▶ Supplied information:
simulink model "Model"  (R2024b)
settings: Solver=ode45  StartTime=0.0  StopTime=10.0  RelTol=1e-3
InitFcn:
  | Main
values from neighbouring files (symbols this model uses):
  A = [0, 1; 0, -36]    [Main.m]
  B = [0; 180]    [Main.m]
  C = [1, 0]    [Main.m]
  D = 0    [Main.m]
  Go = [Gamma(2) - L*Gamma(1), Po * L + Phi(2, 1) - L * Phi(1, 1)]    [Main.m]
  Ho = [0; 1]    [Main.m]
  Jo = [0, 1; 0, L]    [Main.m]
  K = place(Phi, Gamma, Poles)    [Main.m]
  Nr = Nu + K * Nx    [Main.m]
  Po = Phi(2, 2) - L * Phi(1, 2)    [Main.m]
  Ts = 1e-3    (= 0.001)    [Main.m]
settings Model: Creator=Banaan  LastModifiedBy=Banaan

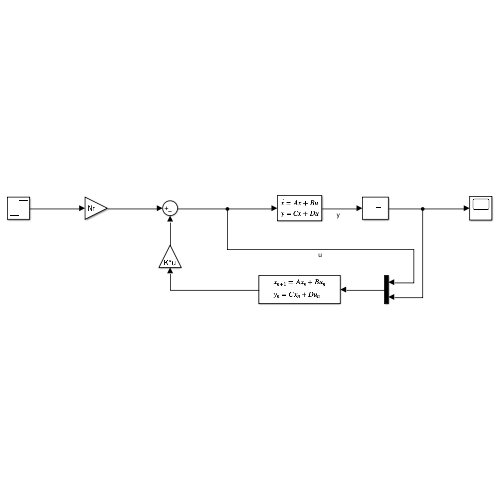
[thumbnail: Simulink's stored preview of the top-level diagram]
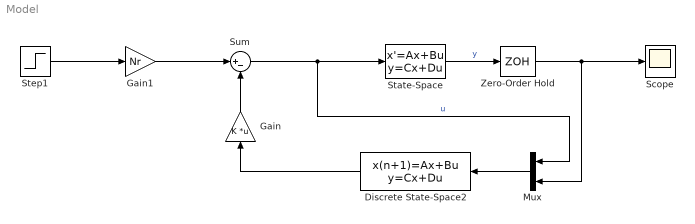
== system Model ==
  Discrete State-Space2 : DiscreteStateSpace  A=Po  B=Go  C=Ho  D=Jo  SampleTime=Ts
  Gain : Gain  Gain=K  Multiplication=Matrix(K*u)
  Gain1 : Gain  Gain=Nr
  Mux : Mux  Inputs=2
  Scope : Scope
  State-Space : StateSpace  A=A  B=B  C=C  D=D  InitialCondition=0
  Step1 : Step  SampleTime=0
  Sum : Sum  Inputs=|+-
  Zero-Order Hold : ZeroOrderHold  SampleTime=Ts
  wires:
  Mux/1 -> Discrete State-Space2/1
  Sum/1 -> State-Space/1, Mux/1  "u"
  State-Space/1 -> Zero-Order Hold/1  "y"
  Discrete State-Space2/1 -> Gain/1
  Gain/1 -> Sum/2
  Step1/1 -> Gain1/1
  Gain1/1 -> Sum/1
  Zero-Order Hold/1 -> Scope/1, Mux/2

▶ The problem: Could you repeat every record exactly as written, with the pictures left out?

▶ Answer space:
simulink model "Model"  (R2024b)
settings: Solver=ode45  StartTime=0.0  StopTime=10.0  RelTol=1e-3
InitFcn:
  | Main
values from neighbouring files (symbols this model uses):
  A = [0, 1; 0, -36]    [Main.m]
  B = [0; 180]    [Main.m]
  C = [1, 0]    [Main.m]
  D = 0    [Main.m]
  Go = [Gamma(2) - L*Gamma(1), Po * L + Phi(2, 1) - L * Phi(1, 1)]    [Main.m]
  Ho = [0; 1]    [Main.m]
  Jo = [0, 1; 0, L]    [Main.m]
  K = place(Phi, Gamma, Poles)    [Main.m]
  Nr = Nu + K * Nx    [Main.m]
  Po = Phi(2, 2) - L * Phi(1, 2)    [Main.m]
  Ts = 1e-3    (= 0.001)    [Main.m]
settings Model: Creator=Banaan  LastModifiedBy=Banaan

[thumbnail: Simulink's stored preview of the top-level diagram]
== system Model ==
  Discrete State-Space2 : DiscreteStateSpace  A=Po  B=Go  C=Ho  D=Jo  SampleTime=Ts
  Gain : Gain  Gain=K  Multiplication=Matrix(K*u)
  Gain1 : Gain  Gain=Nr
  Mux : Mux  Inputs=2
  Scope : Scope
  State-Space : StateSpace  A=A  B=B  C=C  D=D  InitialCondition=0
  Step1 : Step  SampleTime=0
  Sum : Sum  Inputs=|+-
  Zero-Order Hold : ZeroOrderHold  SampleTime=Ts
  wires:
  Mux/1 -> Discrete State-Space2/1
  Sum/1 -> State-Space/1, Mux/1  "u"
  State-Space/1 -> Zero-Order Hold/1  "y"
  Discrete State-Space2/1 -> Gain/1
  Gain/1 -> Sum/2
  Step1/1 -> Gain1/1
  Gain1/1 -> Sum/1
  Zero-Order Hold/1 -> Scope/1, Mux/2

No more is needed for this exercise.